# Leaking drain valve in hot water heater



## MACPLUMB (Jan 21, 2008)

*YES IT DOE'S !*
*WHAT YOU NEED IS A 3/4" SCREW EXTRACTOR THAT HAS REVERSED THREADS YOU TAP THAT INTO THE NIPPLE AND TURN COUNTER CLOCKWISE TO REMOVE NIPPLE :thumbsup:*
*GET A 3/4" PIPE NIPPLE, A THREADED BALL VALVE, AND MALE PIPE X*
*MALE HOSE ADP, WITH A 3/4" BRASS HOSE CAP THAT LETS YOU DRAIN WTR/HTR MUCH EASIER PLUS THE CAP KEEPS WATER FROM LEAKING OUT IF SOMEONE HITS THE VALVE HANDLE BY ACCIDENT :thumbsup:*


----------



## kenmac (Feb 26, 2009)

Those nipples can be tough to get out sometines.. Never failed to get 1 out with a pipe wrench


----------



## Mike Swearingen (Mar 15, 2005)

I recently did almost exactly what macplumb suggested.
An 18" pipe wrench and I got the nipple out.
Mike


----------



## rhelfand (May 15, 2009)

Thank you all so much! I was afraid I was going to break something.


----------



## aromich (Dec 4, 2009)

*Replacing Drain Valve*

I have the same drain valve on my heater and it needs replaced.
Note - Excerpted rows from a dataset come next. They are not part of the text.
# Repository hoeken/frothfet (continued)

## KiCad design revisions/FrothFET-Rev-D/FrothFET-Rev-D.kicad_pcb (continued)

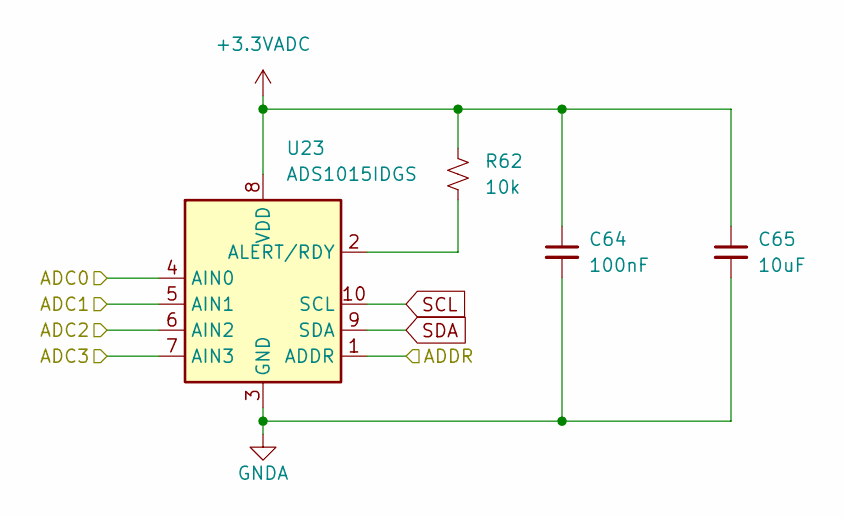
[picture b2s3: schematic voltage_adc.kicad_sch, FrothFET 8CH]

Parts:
C64: 100nF; C_0805_2012Metric_Pad1.18x1.45mm_HandSolder; LCSC C49678
C65: 10uF; C_0805_2012Metric_Pad1.18x1.45mm_HandSolder; LCSC C1952580
R62: 10k; R_0805_2012Metric_Pad1.20x1.40mm_HandSolder; LCSC C84376
U23: ADS1015IDGS; TSSOP-10_3x3mm_P0.5mm; LCSC C193969

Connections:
+3.3VADC: C64.1, C65.1, R62.2, U23.8 (VDD); also elsewhere on the board
GND: C64.2, C65.2, U23.1 (ADDR), U23.3 (GND); also elsewhere on the board
unnamed: R62.1, U23.2 (ALERT/RDY)
SCL: U23.10 (SCL); also elsewhere on the board
SDA: U23.9 (SDA); also elsewhere on the board
VOLT5: U23.4 (AIN0); also elsewhere on the board
VOLT6: U23.5 (AIN1); also elsewhere on the board
VOLT7: U23.6 (AIN2); also elsewhere on the board
VOLT8: U23.7 (AIN3); also elsewhere on the board

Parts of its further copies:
C62: 100nF; C_0805_2012Metric_Pad1.18x1.45mm_HandSolder; LCSC C49678
C63: 10uF; C_0805_2012Metric_Pad1.18x1.45mm_HandSolder; LCSC C1952580
R61: 10k; R_0805_2012Metric_Pad1.20x1.40mm_HandSolder; LCSC C84376
U22: ADS1015IDGS; TSSOP-10_3x3mm_P0.5mm; LCSC C193969

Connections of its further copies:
+3.3VADC: C62.1, C63.1, R61.2, U22.1 (ADDR), U22.8 (VDD); also elsewhere on the board
GND: C62.2, C63.2, U22.3 (GND); also elsewhere on the board
unnamed: R61.1, U22.2 (ALERT/RDY)
SCL: U22.10 (SCL); also elsewhere on the board
SDA: U22.9 (SDA); also elsewhere on the board
VOLT1: U22.4 (AIN0); also elsewhere on the board
VOLT2: U22.5 (AIN1); also elsewhere on the board
VOLT3: U22.6 (AIN2); also elsewhere on the board
VOLT4: U22.7 (AIN3); also elsewhere on the board

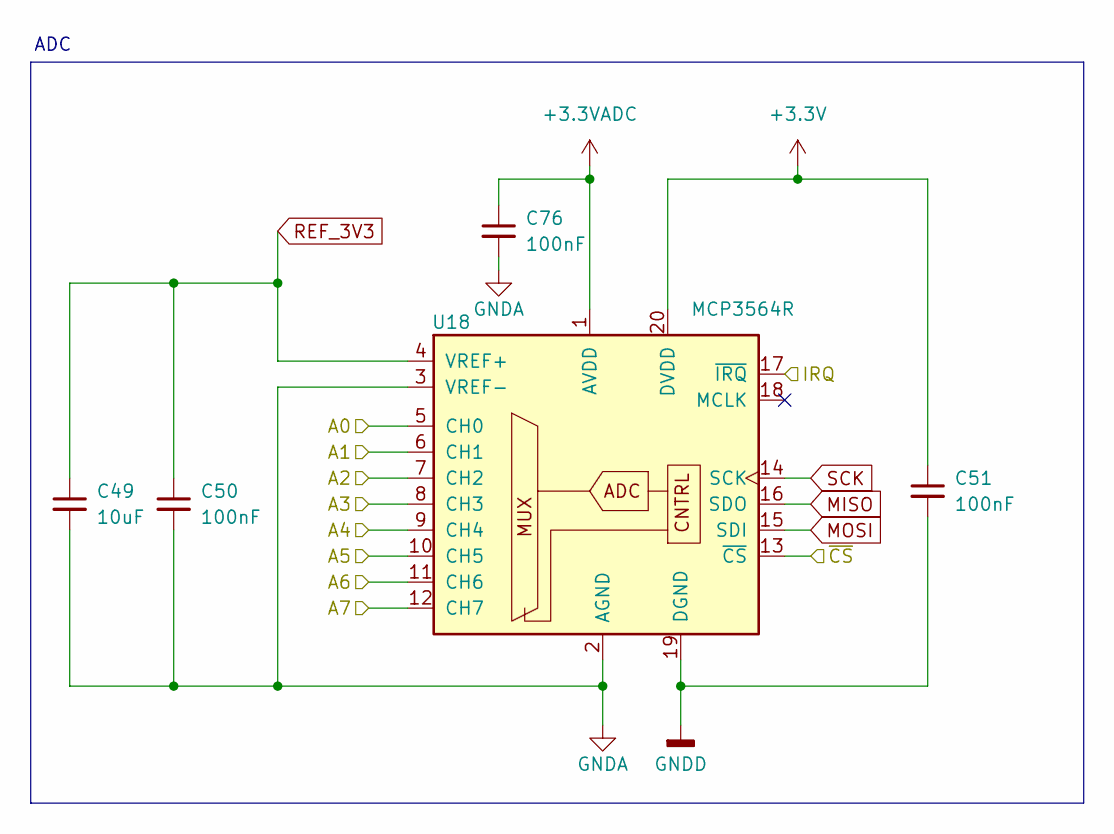
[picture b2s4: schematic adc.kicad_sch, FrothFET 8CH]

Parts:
C49: 10uF; C_0805_2012Metric_Pad1.18x1.45mm_HandSolder; LCSC C1952580
C50, C51, C76: 100nF; C_0805_2012Metric_Pad1.18x1.45mm_HandSolder; LCSC C49678
U18: MCP3564R; TSSOP-20_4.4x6.5mm_P0.65mm; Mouser 579-MCP3564R-E/ST

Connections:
+3.3V: C51.1, U18.20 (DVDD); also elsewhere on the board
+3.3VADC: C76.1, U18.1 (AVDD); also elsewhere on the board
/CHANNEL 1/CURRENT_ADC: U18.5 (CH0); also elsewhere on the board
/CHANNEL 2/CURRENT_ADC: U18.6 (CH1); also elsewhere on the board
/CHANNEL 3/CURRENT_ADC: U18.7 (CH2); also elsewhere on the board
/CHANNEL 4/CURRENT_ADC: U18.8 (CH3); also elsewhere on the board
/CHANNEL 5/CURRENT_ADC: U18.9 (CH4); also elsewhere on the board
/CHANNEL 6/CURRENT_ADC: U18.10 (CH5); also elsewhere on the board
/CHANNEL 7/CURRENT_ADC: U18.11 (CH6); also elsewhere on the board
/CHANNEL 8/CURRENT_ADC: U18.12 (CH7); also elsewhere on the board
/HIRES ADC1/IRQ: U18.17 (~IRQ); also elsewhere on the board
ADC1_CS: U18.13 (~CS); also elsewhere on the board
GND: C49.2, C50.2, C51.2, C76.2, U18.2 (AGND), U18.3 (VREF-), U18.19 (DGND); also elsewhere on the board
MISO: U18.16 (SDO); also elsewhere on the board
MOSI: U18.15 (SDI); also elsewhere on the board
REF_3V3: C49.1, C50.1, U18.4 (VREF+); also elsewhere on the board
SCK: U18.14 (SCK); also elsewhere on the board

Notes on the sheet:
ADC

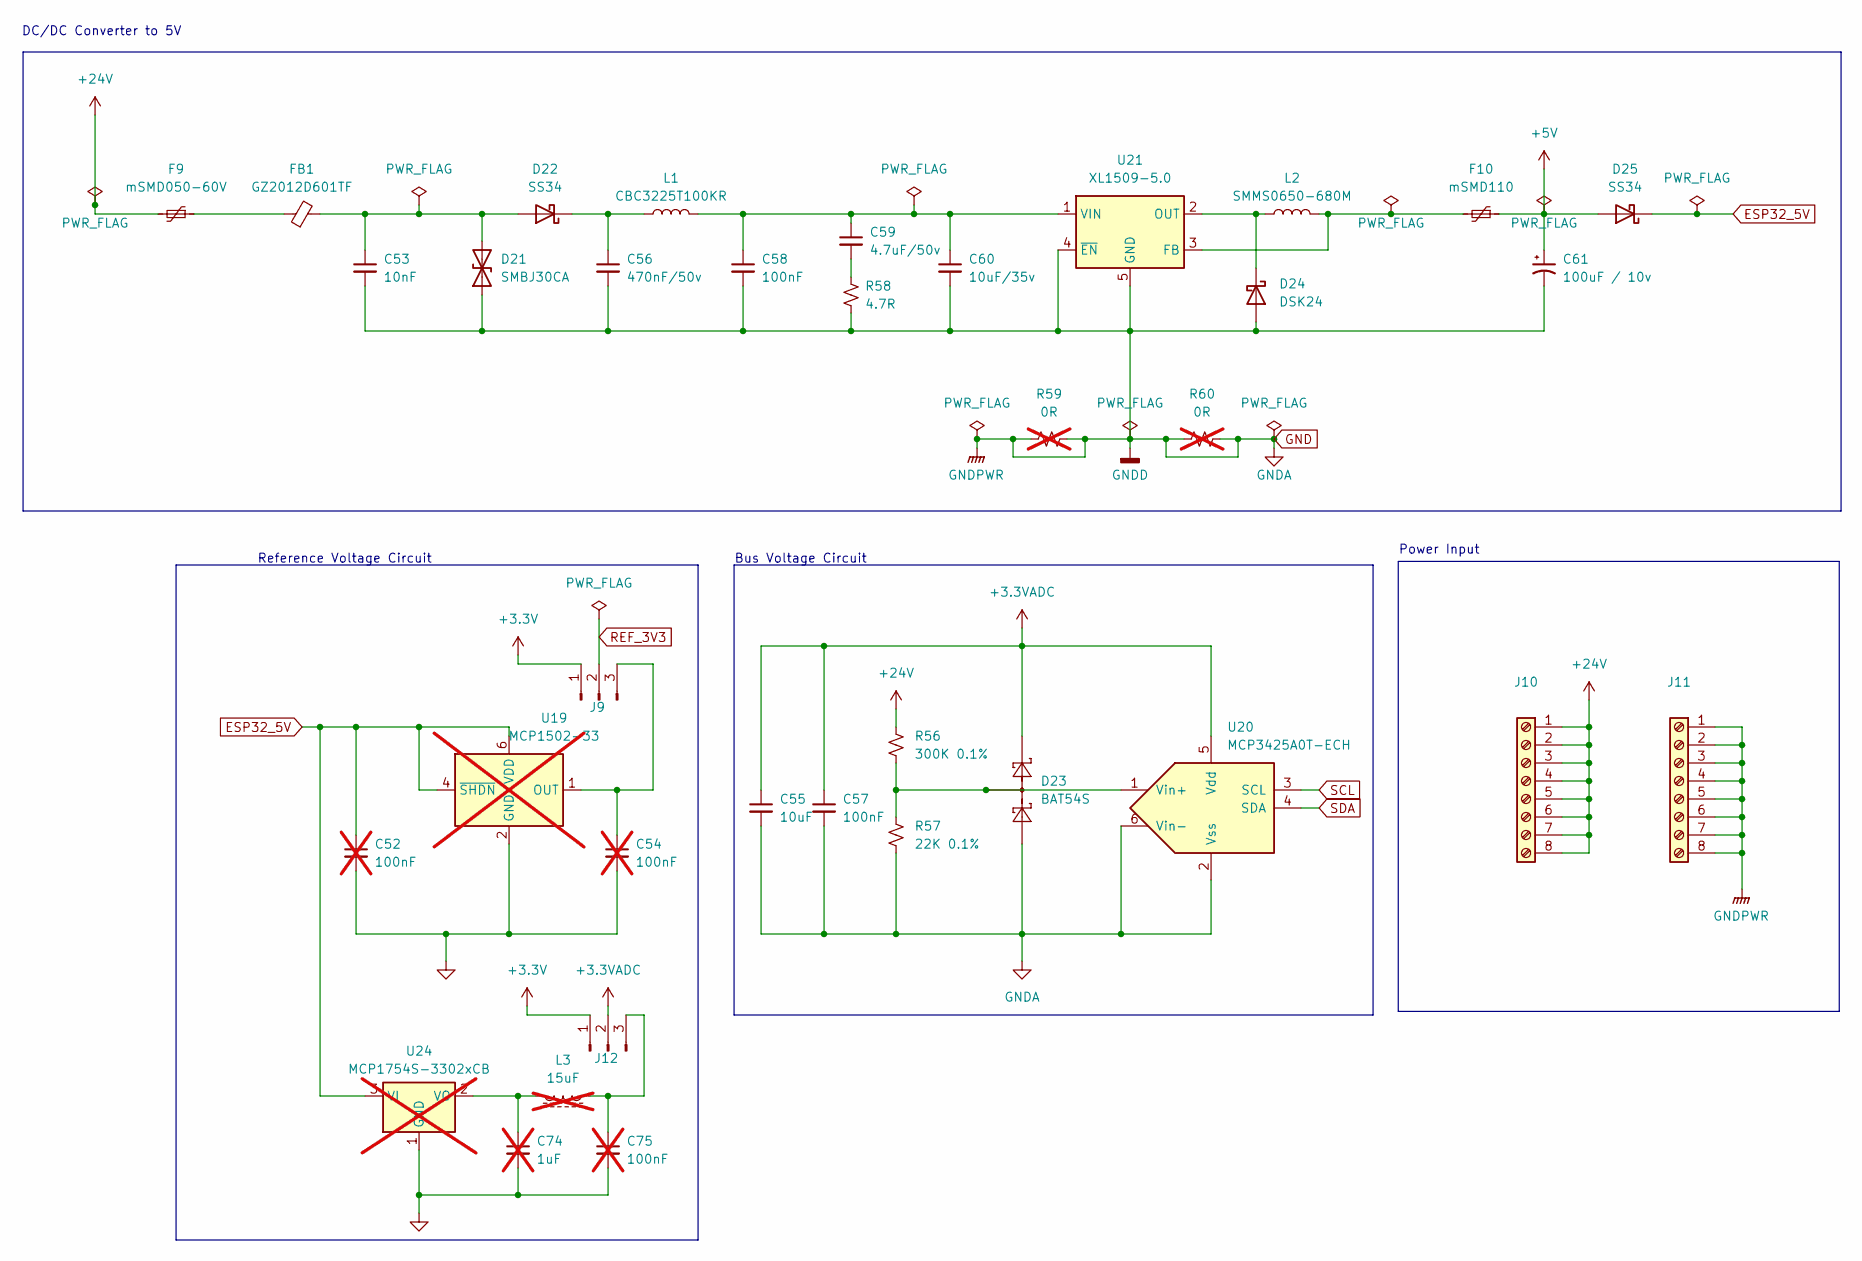
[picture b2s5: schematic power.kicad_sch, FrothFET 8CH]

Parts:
C52, C54, C75: 100nF; C_0805_2012Metric_Pad1.18x1.45mm_HandSolder; LCSC C49678; not fitted
C53: 10nF; C_0805_2012Metric_Pad1.18x1.45mm_HandSolder; LCSC C83170
C55: 10uF; C_0805_2012Metric_Pad1.18x1.45mm_HandSolder; LCSC C1952580
C56: 470nF/50v; C_0805_2012Metric_Pad1.18x1.45mm_HandSolder; LCSC C106843
C57, C58: 100nF; C_0805_2012Metric_Pad1.18x1.45mm_HandSolder; LCSC C49678
C59: 4.7uF/50v; C_0805_2012Metric_Pad1.18x1.45mm_HandSolder; LCSC C2991173
C60: 10uF/35v; C_1206_3216Metric_Pad1.33x1.80mm_HandSolder; LCSC C454102
C61: 100uF / 10v; CP_EIA-3528-21_Kemet-B; LCSC C90975
C74: 1uF; C_0805_2012Metric_Pad1.18x1.45mm_HandSolder; LCSC C519973; not fitted
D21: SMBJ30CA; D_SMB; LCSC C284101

Where did you buy yours at? I cant seem to find one.


----------



## JDC (Mar 11, 2008)

aromich, you dont need to purchase a drain valve like that. Just install a 3/4" X 6" nipple, a 3/4" threaded ball valve, a 3/4" male X 5/8" hose adapter and a hose cap. Take this list to any plumbing supply house. They'll have what you need. This setup is MUCH better than the standard drain valves that waterheater manufacturers install on their units. Standard drain valves are notorious for clogging up with calcium making draining the water heater next to impossible. In fact, anytime I install a water heater I remove the drain valve and install the ballvalve setup. Just a little extra that pays off in the end.


----------



## hohadcr (Jul 25, 2009)

i know this an old topic...

i just got mine drained. my plastic drain is similar ,but is one whole piece, tapered edges,not meant to use wrench with.

i connected garden hose to the male end of the plastic drain, then, turn the whole plastic drain with the garden hose counter clockwise , awkward,as i had to keep turning the garden hose with the plastic drain.

voila. water finally came out....


----------